2. SIGNIFICANT ACCOUNTING POLICIES
The following is a summary of significant accounting policies followed by
the Fund in the preparation of its financial statements.
(A) Security Valuation -- Securities of the Fund are valued through
valuations obtained by a commercial pricing service or the mean of the
bid and asked prices, when no last sales price is available.
Securities for which market quotations are not readily available are
valued at fair value as determined in good faith under consistently
applied procedures established by and under the general supervision of
the Board of Directors. Securities which are purchased within 60 days
of their stated maturity are valued at amortized cost, which
approximates current value.
The Fund owns certain investment securities which are restricted as to
resale. These securities are valued by the Fund after giving due
consideration to pertinent factors, including recent private sales,
market conditions and the issuer's financial performance. The Fund
generally bears the costs, if any, associated with the disposition of
restricted securities. Aggregate cost and fair value of these restricted
securities at June 30, 1997 were $1,522,375 and $1,548,763,
respectively, representing 7.0% of the net assets of the Fund. Of these
securities, which are restricted as to resale, 50.1% are eligible for
resale pursuant to Rule 144A under the Securities Act of 1933 and also
have been determined to be liquid by the Advisor based upon guidelines
established by the Fund's Board of Directors.

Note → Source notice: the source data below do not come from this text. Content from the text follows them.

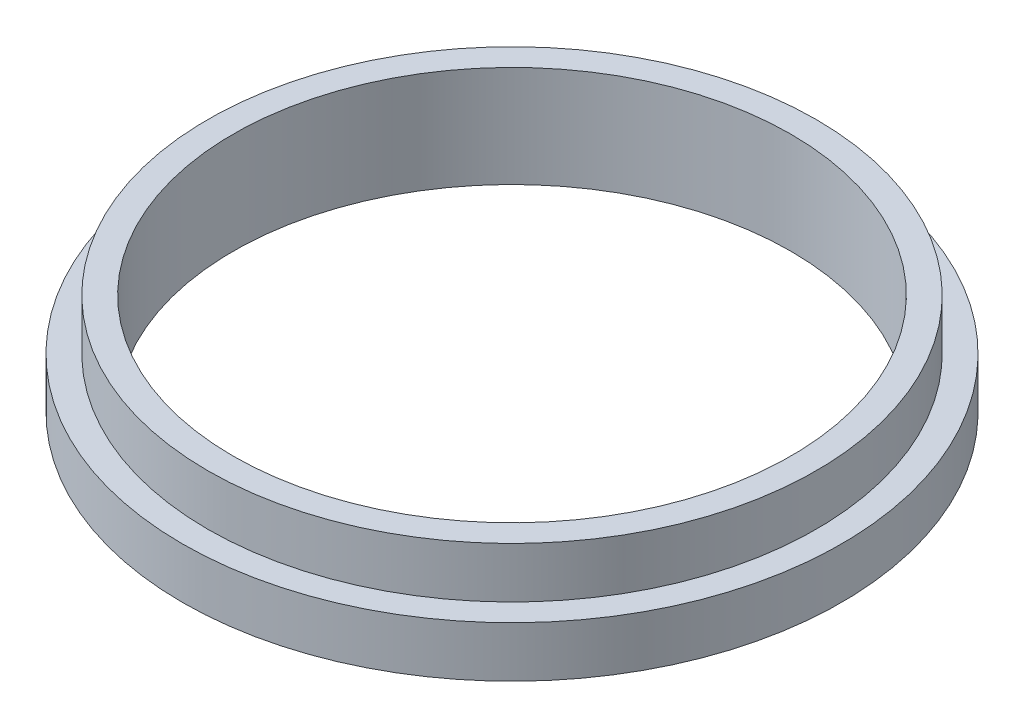
SolidWorks part; units mm, degrees
ref_plane "Alzado" through (0, 0, 0) normal (0, 0, 1) x (1, 0, 0)
ref_plane "Planta" through (0, 0, 0) normal (0, 1, 0) x (1, 0, 0)
ref_plane "Vista lateral" through (0, 0, 0) normal (1, 0, 0) x (0, 0, -1)
sketch "Croquis2" plane through (0, 0, 0) normal (0, 1, 0) x (1, 0, 0)
  circle A0 centre (0, 0) radius 55
  circle A1 centre (0, 0) radius 65
  dimension "D1" = 110
  dimension "D2" = 130
extrude "Saliente-Extruir1" add sketch "Croquis2" along normal blind 10
sketch "Croquis3" plane through (0, 10, 0) normal (0, 1, 0) x (1, 0, 0)
  circle A0 centre (0, 0) radius 55 construction
  circle A1 centre (0, 0) radius 55
  circle A2 centre (0, 0) radius 60
  dimension "D1" = 120
extrude "Saliente-Extruir2" add sketch "Croquis3" along normal blind 10

(B) Federal Income and Excise Taxes and Distributions to Shareholders -- It
is the Fund's policy to comply with the requirements of the Internal
Revenue Code applicable to regulated investment companies and to
distribute substantially all of its taxable income to its shareholders
in a manner which results in no tax cost to the Fund.
Accordingly, no federal income or excise tax provision is required.
The character of distributions made during the year from net investment
income or net realized gains may differ from the characterization for
federal income tax purposes due to differences in the recognition of
income and expense items for financial statement and tax purposes. Where
appropriate, reclassifications between net asset accounts are made for
such differences that are permanent in nature.
(C) Realized Gains and Losses on Investment Transactions -- Gains or losses
realized on investment transactions are determined by comparing the
identified cost of the security lot sold with the net sales proceeds.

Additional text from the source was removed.